## RECORDS PROVIDED
____

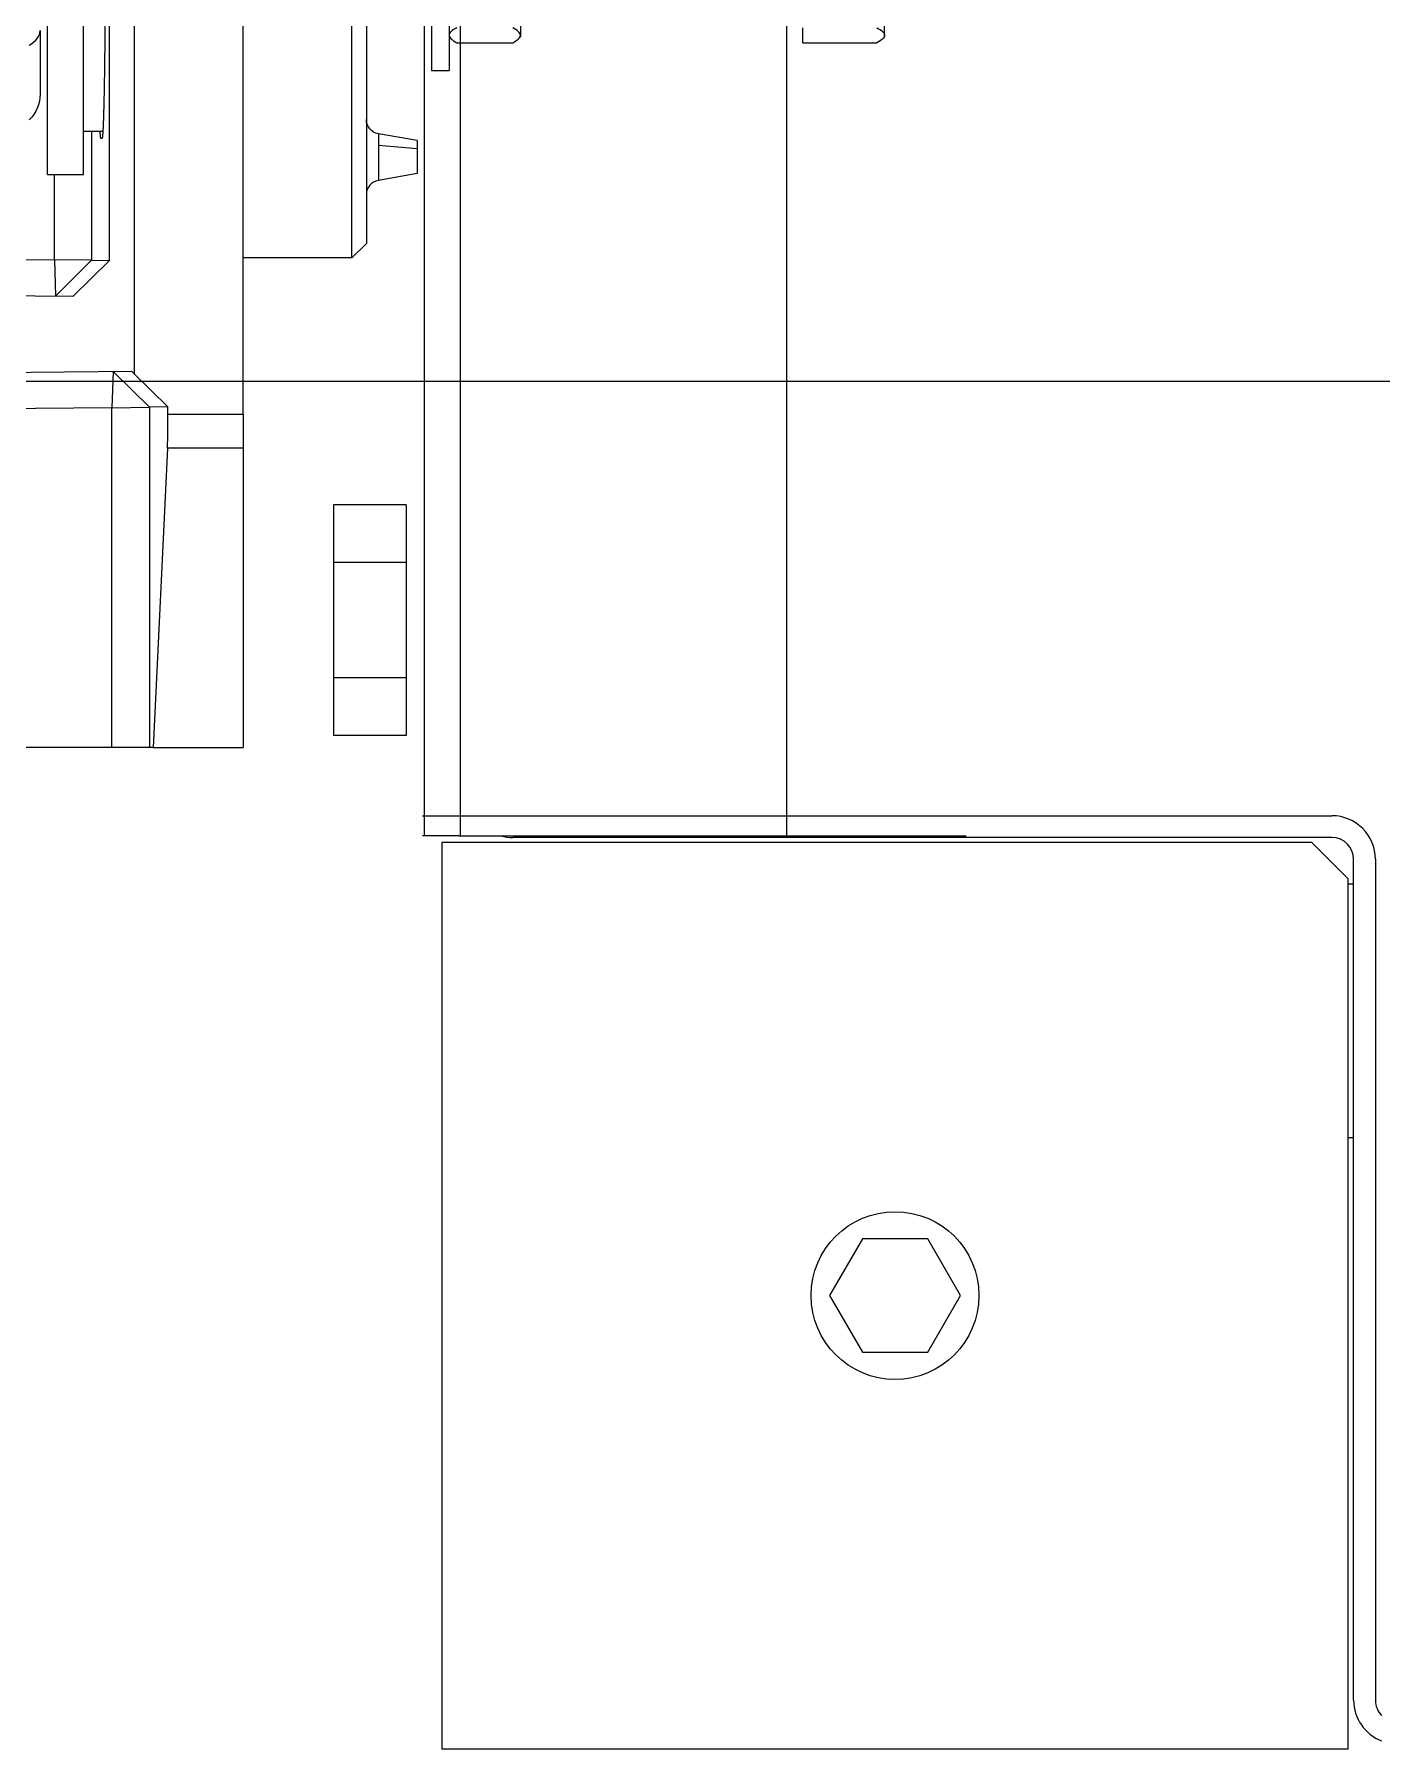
# Model space of a CAD drawing. Header units: millimetres. Extents: x -69706 to 52883, y -6882 to 68885.
# Drawn here: x -31051.3 to -30865.4, y 35631.4 to 35867.9 of the extents above; entities that cross this region are included whole.
import ezdxf

# ---------------------------------------------------------------- set-up
doc = ezdxf.new("R2010")
doc.units = ezdxf.units.MM
doc.layers.add('XFM1Q40$0$COL', color=1, linetype='Continuous')
doc.layers.add('XFM1Q40$0$M-EQPM-MAU', color=22, linetype='Continuous')

# ---------------------------------------------------------------- blocks, each defined once
blk = doc.blocks.new('XFM1Q40$0$JCZ-500鑄')
for p, q in [((6.91, 258.48, 92), (7.05, 258.4, 92)), ((7.81, 247.2, 86.99), (7.81, 257.41, 86.99)), ((7.81, 247.2, 86.99), (5.75, 247.2, 100.59)), ((6.91, 208.24, 92), (7.05, 208.16, 92)), ((7.81, 199.48, 86.99), (7.81, 207.18, 86.99)), ((6.91, 198.41, 92), (7.05, 198.49, 92)), ((11.66, 196, 92), (11.66, 198.41, 92)), ((21.31, 194, 106.5), (20.37, 188.65, 106.5)), ((22.45, 194, 108.46), (21.97, 188.65, 109.28)), ((25.84, 194, 106.5), (26.79, 188.65, 106.5)), ((35.5, 187, 90), (37.5, 185, 90)), ((37.5, 185, 90), (37.5, 170, 90)), ((59.02, 170, 155), (-69.02, 170, 155)), ((59.02, 159.62, 155), (59.02, 170, 155)), ((63.71, 170, 151.73), (105, 170, 40)), ((63.71, 170, 151.73), (63.71, 159.56, 151.73)), ((105, 157.61, 40), (105, 170, 40)), ((53.51, 155, 155), (58.05, 159.62, 155)), ((59.02, 159.62, 155), (58.05, 159.62, 155)), ((58.05, 159.62, 155), (58.07, 157.09, 10)), ((63.71, 159.56, 151.73), (105, 157.61, 40)), ((53.16, 152.09, 10), (58.07, 157.09, 10)), ((58.07, 157.09, 10), (105, 157.09, 10)), ((58.16, 151.91, 5), (58.07, 157.09, 10)), ((105, 157.61, 40), (105, 157.09, 10)), ((105, 157.09, 10), (105, 151.91, 5)), ((53.51, 155, 155), (-63.51, 155, 155)), ((53.13, 154.61, 154.61), (53.51, 155, 155)), ((54.4, 10, 10), (53.13, 154.61, 154.61)), ((37.84, 151.56, 151.56), (-47.84, 151.56, 151.56)), ((37.82, 149.09, 10.09), (37.84, 151.56, 151.56)), ((37.84, 151.56, 151.56), (42.8, 146.51, 146.51)), ((53.16, 152.09, 10), (58.16, 151.91, 5)), ((105, 151.91, 5), (58.16, 151.91, 5)), ((58.16, 151.91, 5), (58.58, 103.5, 5)), ((105, 151.91, 5), (105, 15, 5)), ((20, 148, 92), (20, 150.64, 92)), ((20, 149.09, 10.09), (37.82, 149.09, 10.09)), ((21.02, 150.52, 92), (21.03, 150.4, 85)), ((37.82, 149.09, 10.09), (37.77, 144, 5)), ((37.82, 149.09, 10.09), (42.77, 144.13, 10)), ((26, 143, 92), (26, 148, 92)), ((42.8, 146.51, 146.51), (41.6, 10, 10)), ((37.77, 144, 5), (26, 144, 5)), ((36.56, 5, 5), (37.77, 144, 5)), ((37.77, 144, 5), (42.77, 144.13, 10))]:
    blk.add_line(p, q)
at = {"extrusion": (9.92752e-17, -1, -9.95038e-17)}
for start, end in [(8.6329, 68.6329), (0, 8.6329)]:
    blk.add_arc((-5, 92, -258.48), 11.91, start, end, dxfattribs=at)
at = {"extrusion": (-9.92752e-17, 1, 9.95038e-17)}
for centre, radius, start, end in [((5, 92, 208.24), 11.91, 111.3671, 171.3671), ((5, 92, 208.24), 11.91, 171.3671, 180), ((5, 92, 198.41), 16.66, 73.6602, 180), ((5, 92, 196), 16.66, 73.6602, 180)]:
    blk.add_arc(centre, radius, start, end, dxfattribs=at)
at = {"extrusion": (-1.4638e-32, 1, 6.59239e-17)}
for centre, radius, start, end in [((-23.58, 106.5, 194), 2.27, 0, 60), ((-23.58, 106.5, 194), 2.27, 60, 180), ((5, 90, 187), 40.5, 0, 180), ((-23.58, 106.5, 188.65), 3.21, 0, 60), ((-23.58, 106.5, 188.65), 3.21, 60, 180)]:
    blk.add_arc(centre, radius, start, end, dxfattribs=at)
at = {"extrusion": (2.22045e-16, 6.59239e-17, -1)}
blk.add_arc((-18.4, 189, -106.5), 2, 190, 270, dxfattribs=at)
blk.add_arc((28.76, 189, 106.5), 2, 190, 270)
at = {"extrusion": (1.4638e-32, -1, -6.59239e-17)}
for centre, radius in [((-5, 90, -185), 42.5), ((-5, 92, -148), 31), ((-5, 92, -143), 31)]:
    blk.add_arc(centre, radius, 0, 180, dxfattribs=at)
at = {"extrusion": (2.40741e-33, 1, -1.0842e-17)}
blk.add_arc((-59.02, 150, 170), 5, 90, 159.7174, dxfattribs=at)
at = {"extrusion": (-2.01461e-16, 1, 2.8502e-16)}
blk.add_arc((5, 92, 142), 19.89, 124.0223, 180, dxfattribs=at)
at = {"extrusion": (-0.82882, -4.05906e-16, 0.559516)}
blk.add_arc((-137, 93.35, 55.62), 5, 134.427, 180, dxfattribs=at)
at = {"extrusion": (0, 0, -1)}
blk.add_arc((-14.89, 137, -92), 5, 90, 135.573, dxfattribs=at)
for points, knots in [([(5.75, 257.41, 100.59), (5.91, 257.74, 99.48), (6.08, 258.01, 98.36), (6.43, 258.38, 96.09), (6.6, 258.48, 94.95), (6.78, 258.48, 93.79)], [0.000000238, 0.000000238, 0.000000238, 0.000000238, 0.003479813, 0.003479813, 0.006959387, 0.006959387, 0.006959387, 0.006959387]), ([(6.78, 258.48, 93.79), (6.87, 258.48, 93.21), (6.95, 258.45, 92.63), (7.13, 258.36, 91.48), (7.21, 258.28, 90.92), (7.47, 258.01, 89.22), (7.64, 257.74, 88.1), (7.81, 257.41, 86.99)], [0.006959387, 0.006959387, 0.006959387, 0.006959387, 0.008692669, 0.008692669, 0.010425951, 0.010425951, 0.013892515, 0.013892515, 0.013892515, 0.013892515]), ([(6.78, 208.24, 93.79), (6.69, 208.24, 94.37), (6.6, 208.22, 94.94), (6.43, 208.12, 96.09), (6.34, 208.05, 96.66), (6.08, 207.77, 98.36), (5.91, 207.5, 99.48), (5.75, 207.18, 100.59)], [0.006959387, 0.006959387, 0.006959387, 0.006959387, 0.008692669, 0.008692669, 0.010425951, 0.010425951, 0.013892515, 0.013892515, 0.013892515, 0.013892515]), ([(7.81, 207.18, 86.99), (7.64, 207.5, 88.1), (7.47, 207.77, 89.22), (7.13, 208.14, 91.49), (6.95, 208.24, 92.63), (6.78, 208.24, 93.79)], [0.000000238, 0.000000238, 0.000000238, 0.000000238, 0.003479813, 0.003479813, 0.006959387, 0.006959387, 0.006959387, 0.006959387]), ([(5.75, 199.48, 100.59), (5.91, 199.15, 99.48), (6.08, 198.88, 98.36), (6.43, 198.51, 96.09), (6.6, 198.41, 94.95), (6.78, 198.41, 93.79)], [0.000000238, 0.000000238, 0.000000238, 0.000000238, 0.003479813, 0.003479813, 0.006959387, 0.006959387, 0.006959387, 0.006959387]), ([(6.78, 198.41, 93.79), (6.87, 198.41, 93.21), (6.95, 198.44, 92.63), (7.13, 198.54, 91.48), (7.21, 198.61, 90.92), (7.47, 198.89, 89.22), (7.64, 199.15, 88.1), (7.81, 199.48, 86.99)], [0.006959387, 0.006959387, 0.006959387, 0.006959387, 0.008692669, 0.008692669, 0.010425951, 0.010425951, 0.013892515, 0.013892515, 0.013892515, 0.013892515])]:
    blk.add_open_spline(points, degree=3, knots=knots)
for points, weights in [([(63.71, 159.56, 151.73), (62.96, 159.6, 153.76), (61.18, 159.62, 155), (59.02, 159.62, 155)], [1, 0.880375915643, 0.880375915643, 1]), ([(-31.02, 150.52, 92), (-30.97, 151.42, 143.95), (20.97, 151.42, 143.95), (21.02, 150.52, 92)], [1, 0.33394318746, 0.33394318746, 1]), ([(21.03, 150.4, 85), (21.03, 150.35, 82.58), (20.7, 150.31, 80.14), (20, 150.27, 77.74)], [1, 0.962853312525, 0.932765617485, 0.909736914879])]:
    blk.add_rational_spline(points, weights, degree=3)
blk = doc.blocks.new('XFM1Q40$0$A$C6DF15AF1')
at = {"layer": 'XFM1Q40$0$M-EQPM-MAU'}
for p, q in [((13596.787, -13917.304, 3.078), (13596.787, -13818.259, 3.078)), ((13591.903, -13892.524, -13.194), (13591.903, -13891.524, -13.194)), ((13591.903, -13892.524, -8.594), (13591.903, -13891.524, -8.594)), ((13592.699, -13891.524, -2.616), (13591.903, -13891.524, -3.994)), ((13591.903, -13892.524, -3.994), (13591.903, -13891.524, -3.994)), ((13592.699, -13892.524, -2.616), (13592.699, -13891.524, -2.616)), ((13594.29, -13891.524, -2.616), (13592.699, -13891.524, -2.616)), ((13595.085, -13891.524, -3.994), (13594.29, -13891.524, -2.616)), ((13594.29, -13892.524, -2.616), (13594.29, -13891.524, -2.616)), ((13595.085, -13892.524, -13.194), (13595.085, -13891.524, -13.194)), ((13595.085, -13892.524, -8.594), (13595.085, -13891.524, -8.594)), ((13595.085, -13892.524, -3.994), (13595.085, -13891.524, -3.994)), ((13592.699, -13892.524, -2.616), (13591.903, -13892.524, -3.994)), ((13594.29, -13892.524, -2.616), (13592.699, -13892.524, -2.616)), ((13595.085, -13892.524, -3.994), (13594.29, -13892.524, -2.616)), ((13665.058, -13892.772, -1.168), (13590.52, -13892.772, -1.245)), ((13665.058, -13892.772, -1.168), (13590.52, -13892.772, -1.245)), ((13590.797, -13892.751, -1.743), (13590.797, -13905.295, -1.743)), ((13577.929, -13893.019, -1.732), (13577.929, -13905.519, -1.732)), ((13590.429, -13893.019, -1.732), (13577.929, -13893.019, -1.732)), ((13590.429, -13905.019, -1.732), (13590.429, -13893.019, -1.732)), ((13590.52, -13893.251, -0.989), (13590.52, -13900.251, -0.989)), ((13665.058, -13893.272, -0.668), (13590.52, -13893.272, -0.745)), ((13590.497, -13905.295, -1.743), (13590.497, -13893.995, -1.743)), ((13665.058, -13897.772, -1.168), (13590.52, -13897.772, -1.245)), ((13584.179, -13898.367, 0.437), (13583.398, -13898.818, 0.437)), ((13584.96, -13898.818, 0.437), (13584.179, -13898.367, 0.437)), ((13583.398, -13898.818, 0.437), (13583.398, -13899.72, 0.437)), ((13584.96, -13899.72, 0.437), (13584.96, -13898.818, 0.437)), ((13583.398, -13899.72, 0.437), (13584.179, -13900.171, 0.437)), ((13584.179, -13900.171, 0.437), (13584.96, -13899.72, 0.437)), ((13589.929, -13905.519, -1.732), (13590.429, -13905.019, -1.732)), ((13577.929, -13905.519, -1.732), (13589.929, -13905.519, -1.732)), ((13578.597, -13905.595, -1.743), (13590.197, -13905.595, -1.743)), ((13586.082, -13905.581, -1.732), (13586.082, -13905.581, -1.732)), ((13586.36, -13905.519, -7.397), (13586.36, -13905.595, -7.397)), ((13589.86, -13905.519, -7.397), (13589.86, -13905.595, -7.397)), ((13590.197, -13905.895, -1.743), (13578.597, -13905.895, -1.743))]:
    blk.add_line(p, q, dxfattribs=at)
blk.add_circle((13584.179, -13899.269, -1.484), 1.157, dxfattribs=at)
at = {"layer": 'XFM1Q40$0$M-EQPM-MAU', "extrusion": (-1, -1.22465e-16, 0)}
blk.add_arc((13893.251, -1.489, -13590.52), 0.5, 90, 180, dxfattribs=at)
at = {"layer": 'XFM1Q40$0$M-EQPM-MAU'}
for centre, radius, start, end in [((13591.097, -13893.995, -1.743), 0.6, 164.1462, 180), ((13590.197, -13905.295, -1.743), 0.6, 270, 0), ((13590.197, -13905.295, -1.743), 0.3, 270, 0), ((13578.597, -13906.195, -1.743), 0.6, 90, 159.1228), ((13578.597, -13906.195, -1.743), 0.3, 90, 134.5376)]:
    blk.add_arc(centre, radius, start, end, dxfattribs=at)
at = {"layer": 'XFM1Q40$0$M-EQPM-MAU', "xscale": 0.09999999999999998, "yscale": 0.09999999999999998, "zscale": 0.09999999999999998, "rotation": 180}
blk.add_blockref('XFM1Q40$0$JCZ-500鑄', (13602.24, -13873.277, -1.95), dxfattribs=at)
blk = doc.blocks.new('XFM1Q40$0$A$C400517eb')
at = {"layer": 'XFM1Q40$0$COL', "xscale": 10.00000000000001, "yscale": 10.00000000000001, "zscale": 10.00000000000001, "rotation": 90}
blk.add_blockref('XFM1Q40$0$A$C6DF15AF1', (147014.81, -51517.22), dxfattribs=at)

msp = doc.modelspace()

# ---------------------------------------------------------------- block references
msp.add_blockref('XFM1Q40$0$A$C400517eb', (-316940.039, -48630.666))

doc.saveas('drawing.dxf')

____

## ABOUT THIS EXERCISE
All that is needed is the exact run of lines from the start of the material above through the one containing "doc.layers.add('XFM1Q40$0$COL', color=1, linetype='Continuous')", pictures left out.

## SOLUTION
# Model space of a CAD drawing. Header units: millimetres. Extents: x -69706 to 52883, y -6882 to 68885.
# Drawn here: x -31051.3 to -30865.4, y 35631.4 to 35867.9 of the extents above; entities that cross this region are included whole.
import ezdxf

# ---------------------------------------------------------------- set-up
doc = ezdxf.new("R2010")
doc.units = ezdxf.units.MM
doc.layers.add('XFM1Q40$0$COL', color=1, linetype='Continuous')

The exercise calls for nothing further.